◆ **TASK PROMPT**:
After reading each line of the entries, give the number of lines that contain "styles" and nothing else.

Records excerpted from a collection
+-------+

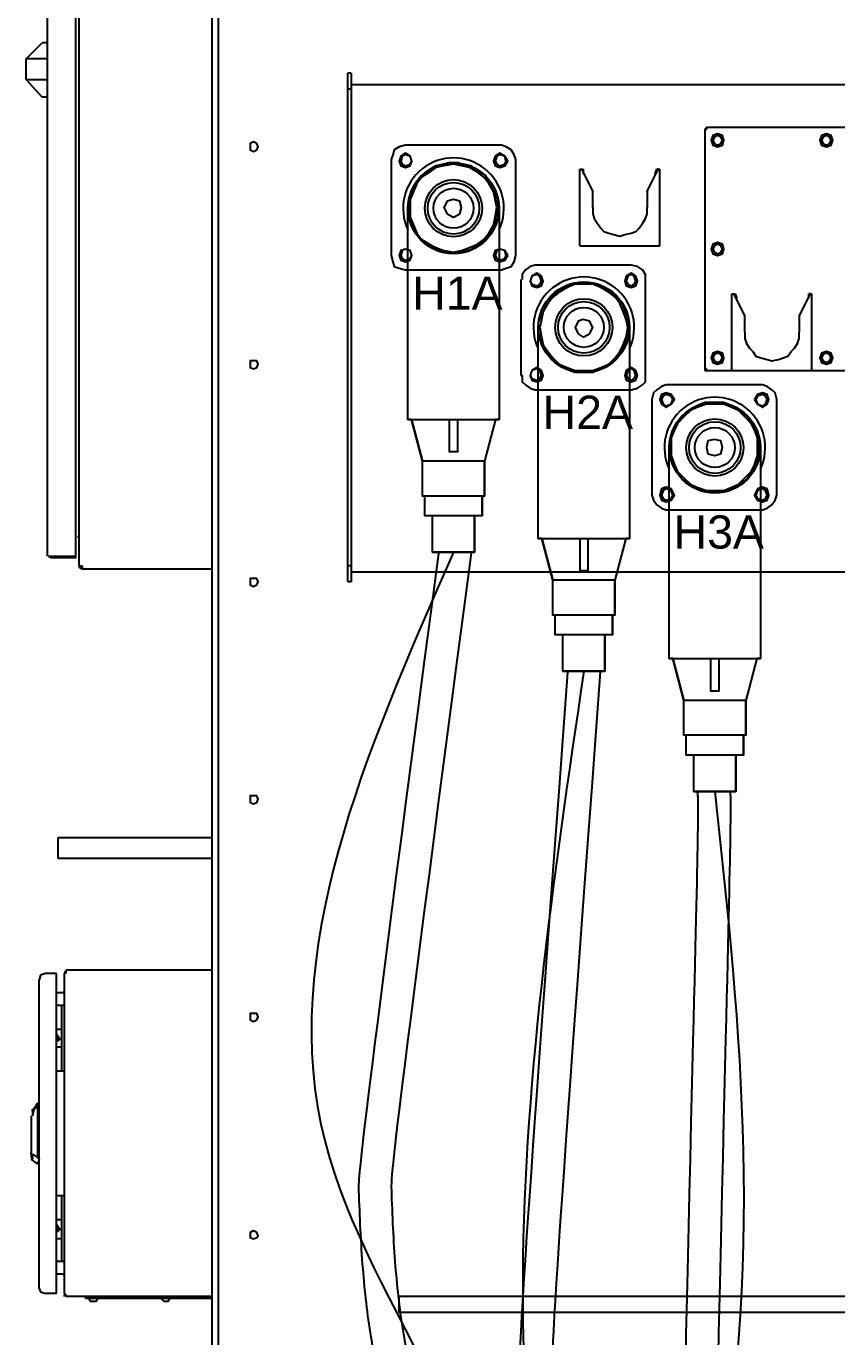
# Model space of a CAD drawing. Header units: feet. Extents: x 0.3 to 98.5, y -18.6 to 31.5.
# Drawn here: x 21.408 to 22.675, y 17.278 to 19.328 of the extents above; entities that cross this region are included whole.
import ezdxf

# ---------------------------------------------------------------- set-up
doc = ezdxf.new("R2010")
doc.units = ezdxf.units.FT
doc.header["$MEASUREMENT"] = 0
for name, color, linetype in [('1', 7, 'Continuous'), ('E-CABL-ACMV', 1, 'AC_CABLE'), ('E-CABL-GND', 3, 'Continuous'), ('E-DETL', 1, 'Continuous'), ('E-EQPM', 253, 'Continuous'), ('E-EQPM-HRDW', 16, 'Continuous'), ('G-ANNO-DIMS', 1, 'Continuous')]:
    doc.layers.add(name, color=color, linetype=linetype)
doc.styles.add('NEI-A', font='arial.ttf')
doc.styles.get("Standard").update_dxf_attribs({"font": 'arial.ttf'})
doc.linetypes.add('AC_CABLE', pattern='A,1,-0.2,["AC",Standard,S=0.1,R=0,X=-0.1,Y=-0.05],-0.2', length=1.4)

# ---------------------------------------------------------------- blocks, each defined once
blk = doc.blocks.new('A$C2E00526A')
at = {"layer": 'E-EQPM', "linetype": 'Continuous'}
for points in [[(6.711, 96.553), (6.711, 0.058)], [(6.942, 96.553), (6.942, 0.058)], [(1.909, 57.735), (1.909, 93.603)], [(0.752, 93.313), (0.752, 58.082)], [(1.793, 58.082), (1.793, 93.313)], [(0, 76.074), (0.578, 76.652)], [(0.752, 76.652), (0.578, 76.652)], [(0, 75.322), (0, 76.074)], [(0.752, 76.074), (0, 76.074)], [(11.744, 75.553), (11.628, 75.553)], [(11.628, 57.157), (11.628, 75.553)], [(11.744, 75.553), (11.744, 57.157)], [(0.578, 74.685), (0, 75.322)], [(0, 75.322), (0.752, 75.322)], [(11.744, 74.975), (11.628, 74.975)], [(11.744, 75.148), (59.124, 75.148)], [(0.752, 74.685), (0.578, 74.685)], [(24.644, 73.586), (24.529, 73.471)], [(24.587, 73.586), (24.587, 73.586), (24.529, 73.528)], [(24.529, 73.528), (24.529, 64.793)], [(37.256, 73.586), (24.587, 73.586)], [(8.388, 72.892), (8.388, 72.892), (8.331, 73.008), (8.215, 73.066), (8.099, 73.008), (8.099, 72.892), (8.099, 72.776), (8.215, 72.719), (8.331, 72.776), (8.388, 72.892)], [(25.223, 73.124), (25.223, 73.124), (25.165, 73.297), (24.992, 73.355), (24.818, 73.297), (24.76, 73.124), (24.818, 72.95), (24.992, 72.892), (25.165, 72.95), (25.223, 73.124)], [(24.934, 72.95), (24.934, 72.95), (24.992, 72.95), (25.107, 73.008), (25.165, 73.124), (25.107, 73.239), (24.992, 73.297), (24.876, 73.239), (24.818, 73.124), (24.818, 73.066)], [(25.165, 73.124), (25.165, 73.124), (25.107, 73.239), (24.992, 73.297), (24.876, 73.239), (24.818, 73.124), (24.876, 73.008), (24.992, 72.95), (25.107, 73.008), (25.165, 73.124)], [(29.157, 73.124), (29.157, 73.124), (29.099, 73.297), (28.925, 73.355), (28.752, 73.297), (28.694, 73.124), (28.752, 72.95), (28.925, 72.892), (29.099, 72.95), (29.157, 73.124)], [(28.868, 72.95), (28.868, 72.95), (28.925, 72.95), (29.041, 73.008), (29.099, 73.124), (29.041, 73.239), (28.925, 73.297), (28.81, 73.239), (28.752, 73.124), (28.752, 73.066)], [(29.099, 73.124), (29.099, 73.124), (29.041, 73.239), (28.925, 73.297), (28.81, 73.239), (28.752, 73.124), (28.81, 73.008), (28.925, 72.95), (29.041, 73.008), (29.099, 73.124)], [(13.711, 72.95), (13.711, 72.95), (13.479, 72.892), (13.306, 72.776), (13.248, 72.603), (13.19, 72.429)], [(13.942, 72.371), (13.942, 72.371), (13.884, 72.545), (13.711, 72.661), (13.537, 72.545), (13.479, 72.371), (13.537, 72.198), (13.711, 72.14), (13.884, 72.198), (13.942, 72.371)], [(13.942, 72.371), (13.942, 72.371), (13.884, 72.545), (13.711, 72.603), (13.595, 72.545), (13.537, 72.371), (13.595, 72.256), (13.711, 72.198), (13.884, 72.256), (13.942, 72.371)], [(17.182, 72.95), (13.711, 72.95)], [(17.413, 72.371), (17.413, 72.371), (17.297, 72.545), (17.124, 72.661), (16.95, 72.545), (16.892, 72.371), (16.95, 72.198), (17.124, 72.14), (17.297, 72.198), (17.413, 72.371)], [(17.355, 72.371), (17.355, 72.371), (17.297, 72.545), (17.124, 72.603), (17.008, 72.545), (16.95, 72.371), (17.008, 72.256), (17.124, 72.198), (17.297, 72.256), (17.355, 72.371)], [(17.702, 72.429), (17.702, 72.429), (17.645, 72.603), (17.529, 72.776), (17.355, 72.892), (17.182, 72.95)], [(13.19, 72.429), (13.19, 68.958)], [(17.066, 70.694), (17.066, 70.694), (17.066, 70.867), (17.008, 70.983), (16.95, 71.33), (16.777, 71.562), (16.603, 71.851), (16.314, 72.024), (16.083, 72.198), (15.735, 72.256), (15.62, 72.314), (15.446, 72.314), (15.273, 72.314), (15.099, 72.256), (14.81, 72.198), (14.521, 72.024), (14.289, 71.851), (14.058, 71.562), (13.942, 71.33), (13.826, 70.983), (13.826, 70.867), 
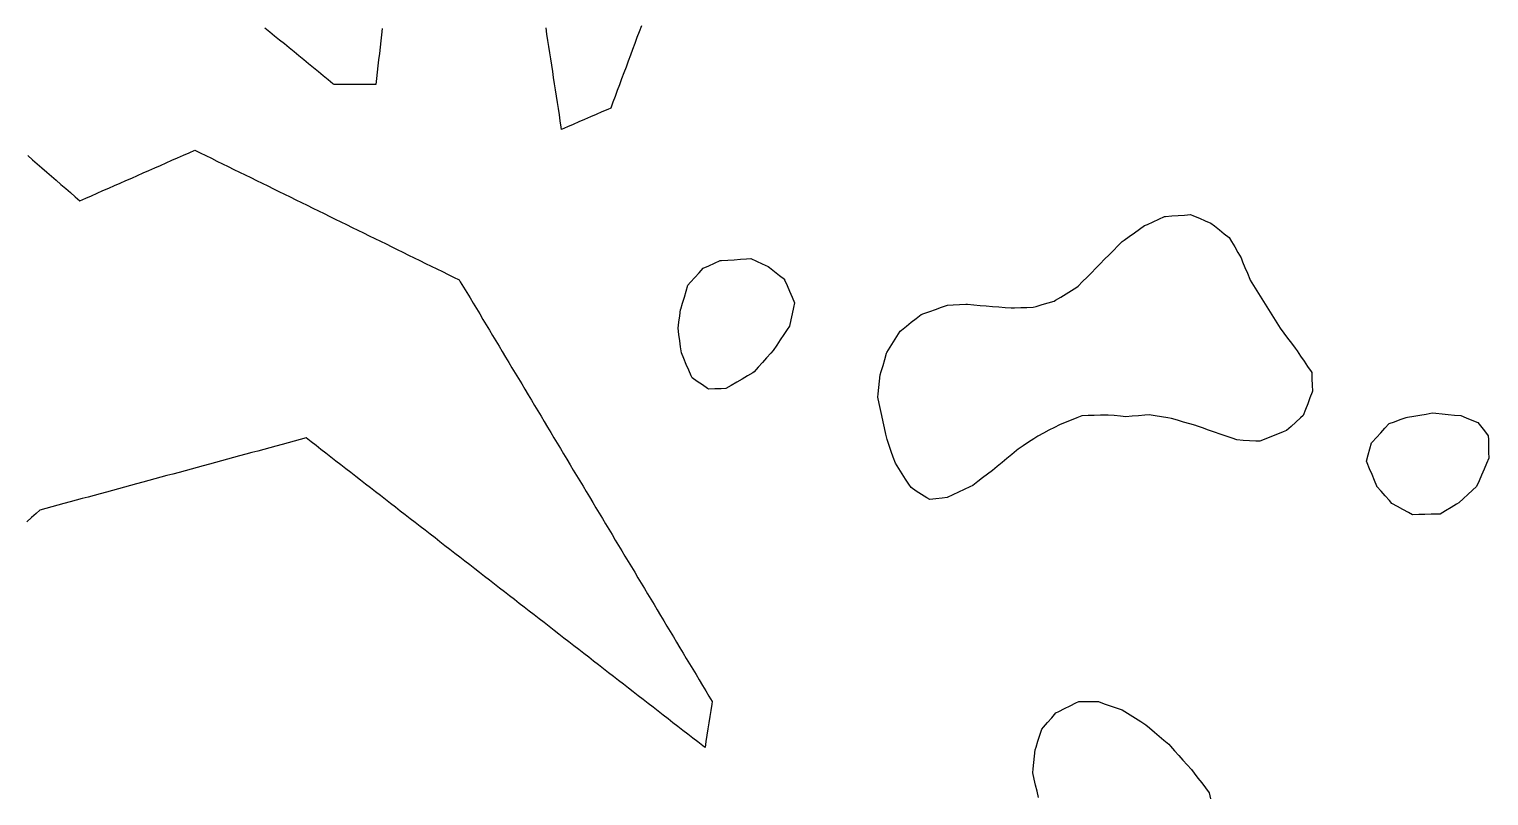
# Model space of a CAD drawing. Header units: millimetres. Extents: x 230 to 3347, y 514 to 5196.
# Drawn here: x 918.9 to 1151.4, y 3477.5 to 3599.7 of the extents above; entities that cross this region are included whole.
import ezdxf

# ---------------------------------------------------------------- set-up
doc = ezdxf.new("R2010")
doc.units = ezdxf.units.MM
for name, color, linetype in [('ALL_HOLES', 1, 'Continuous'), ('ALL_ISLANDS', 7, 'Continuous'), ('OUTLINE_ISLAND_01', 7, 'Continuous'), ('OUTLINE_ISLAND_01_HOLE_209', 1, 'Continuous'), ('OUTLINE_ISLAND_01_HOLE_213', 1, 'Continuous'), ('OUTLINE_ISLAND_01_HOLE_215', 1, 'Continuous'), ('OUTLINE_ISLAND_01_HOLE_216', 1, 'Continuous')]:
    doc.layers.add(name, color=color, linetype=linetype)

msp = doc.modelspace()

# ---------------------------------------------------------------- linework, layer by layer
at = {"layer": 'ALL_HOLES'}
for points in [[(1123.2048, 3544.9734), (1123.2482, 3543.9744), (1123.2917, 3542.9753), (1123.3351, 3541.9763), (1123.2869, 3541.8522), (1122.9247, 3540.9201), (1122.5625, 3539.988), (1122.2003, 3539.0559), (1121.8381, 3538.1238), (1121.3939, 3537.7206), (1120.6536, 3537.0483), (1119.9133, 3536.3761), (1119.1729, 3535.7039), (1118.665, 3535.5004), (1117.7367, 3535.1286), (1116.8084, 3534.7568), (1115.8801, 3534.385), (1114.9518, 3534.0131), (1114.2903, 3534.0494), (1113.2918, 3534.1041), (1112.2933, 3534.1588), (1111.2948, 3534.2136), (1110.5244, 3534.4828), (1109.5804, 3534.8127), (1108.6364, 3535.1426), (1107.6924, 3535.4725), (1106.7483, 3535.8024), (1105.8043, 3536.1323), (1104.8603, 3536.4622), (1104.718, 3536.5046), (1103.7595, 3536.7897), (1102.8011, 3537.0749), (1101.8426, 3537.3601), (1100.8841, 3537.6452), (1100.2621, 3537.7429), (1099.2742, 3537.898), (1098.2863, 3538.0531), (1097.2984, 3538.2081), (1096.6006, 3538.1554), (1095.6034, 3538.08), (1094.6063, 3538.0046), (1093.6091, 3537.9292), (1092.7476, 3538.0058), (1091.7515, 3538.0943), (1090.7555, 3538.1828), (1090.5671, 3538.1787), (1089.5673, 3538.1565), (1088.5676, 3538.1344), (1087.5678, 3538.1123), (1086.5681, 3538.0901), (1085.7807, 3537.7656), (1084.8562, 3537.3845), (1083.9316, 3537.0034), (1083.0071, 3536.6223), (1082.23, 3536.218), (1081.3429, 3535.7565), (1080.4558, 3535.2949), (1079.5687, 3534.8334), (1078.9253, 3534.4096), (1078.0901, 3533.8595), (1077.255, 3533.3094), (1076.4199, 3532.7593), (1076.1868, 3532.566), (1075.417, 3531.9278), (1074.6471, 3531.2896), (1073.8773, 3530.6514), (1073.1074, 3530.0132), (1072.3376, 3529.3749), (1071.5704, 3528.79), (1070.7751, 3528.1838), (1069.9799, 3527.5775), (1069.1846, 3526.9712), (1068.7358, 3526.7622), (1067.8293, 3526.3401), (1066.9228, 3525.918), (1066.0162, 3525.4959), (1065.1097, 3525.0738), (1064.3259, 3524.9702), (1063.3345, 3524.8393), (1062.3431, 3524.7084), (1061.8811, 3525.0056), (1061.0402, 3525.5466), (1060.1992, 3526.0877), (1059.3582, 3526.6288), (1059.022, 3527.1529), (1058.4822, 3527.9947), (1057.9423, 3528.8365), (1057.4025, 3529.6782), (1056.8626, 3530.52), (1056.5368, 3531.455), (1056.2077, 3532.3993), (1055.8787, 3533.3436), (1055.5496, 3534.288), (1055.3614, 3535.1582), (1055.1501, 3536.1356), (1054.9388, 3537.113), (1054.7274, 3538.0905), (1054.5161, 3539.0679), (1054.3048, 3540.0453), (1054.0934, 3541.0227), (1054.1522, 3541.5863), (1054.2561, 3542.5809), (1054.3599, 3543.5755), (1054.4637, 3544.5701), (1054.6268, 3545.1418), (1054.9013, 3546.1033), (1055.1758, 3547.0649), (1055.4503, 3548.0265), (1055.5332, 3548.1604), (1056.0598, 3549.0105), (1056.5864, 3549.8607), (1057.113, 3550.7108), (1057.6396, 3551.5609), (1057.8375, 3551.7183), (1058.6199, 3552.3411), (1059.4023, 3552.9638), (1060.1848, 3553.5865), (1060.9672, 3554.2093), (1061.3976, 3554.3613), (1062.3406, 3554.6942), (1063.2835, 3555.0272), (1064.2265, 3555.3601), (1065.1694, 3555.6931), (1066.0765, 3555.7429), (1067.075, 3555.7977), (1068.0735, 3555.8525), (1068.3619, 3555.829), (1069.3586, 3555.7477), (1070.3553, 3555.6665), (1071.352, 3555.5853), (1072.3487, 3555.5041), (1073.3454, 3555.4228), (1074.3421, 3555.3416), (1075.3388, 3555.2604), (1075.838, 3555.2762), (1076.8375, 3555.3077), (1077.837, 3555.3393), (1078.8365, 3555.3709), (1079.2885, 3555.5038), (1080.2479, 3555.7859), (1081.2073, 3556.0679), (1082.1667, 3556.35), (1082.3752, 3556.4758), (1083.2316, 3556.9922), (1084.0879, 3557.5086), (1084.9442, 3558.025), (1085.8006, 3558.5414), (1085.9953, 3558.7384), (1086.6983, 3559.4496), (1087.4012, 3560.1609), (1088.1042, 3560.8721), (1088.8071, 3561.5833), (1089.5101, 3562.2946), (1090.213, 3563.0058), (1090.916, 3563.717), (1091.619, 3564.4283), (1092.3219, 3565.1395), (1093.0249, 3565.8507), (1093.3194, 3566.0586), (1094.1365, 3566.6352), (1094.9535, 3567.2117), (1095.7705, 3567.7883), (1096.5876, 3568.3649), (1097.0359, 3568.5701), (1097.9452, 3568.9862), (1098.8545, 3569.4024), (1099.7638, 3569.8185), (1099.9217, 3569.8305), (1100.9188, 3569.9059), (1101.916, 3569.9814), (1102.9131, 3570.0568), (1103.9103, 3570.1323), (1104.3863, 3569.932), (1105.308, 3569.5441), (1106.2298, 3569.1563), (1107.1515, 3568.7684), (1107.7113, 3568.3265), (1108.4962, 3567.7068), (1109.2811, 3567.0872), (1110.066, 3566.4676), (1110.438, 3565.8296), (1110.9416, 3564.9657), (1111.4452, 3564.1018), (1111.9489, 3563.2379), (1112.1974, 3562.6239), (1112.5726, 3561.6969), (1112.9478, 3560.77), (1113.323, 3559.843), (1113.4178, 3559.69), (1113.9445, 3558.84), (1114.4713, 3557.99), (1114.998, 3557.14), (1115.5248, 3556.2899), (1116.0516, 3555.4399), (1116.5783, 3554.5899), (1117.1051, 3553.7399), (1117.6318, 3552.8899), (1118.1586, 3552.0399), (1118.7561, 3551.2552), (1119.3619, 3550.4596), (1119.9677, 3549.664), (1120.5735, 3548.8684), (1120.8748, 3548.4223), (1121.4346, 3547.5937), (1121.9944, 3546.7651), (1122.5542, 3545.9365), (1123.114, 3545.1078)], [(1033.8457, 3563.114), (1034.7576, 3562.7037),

+-------+

◆ **TASK SOLUTION**:
2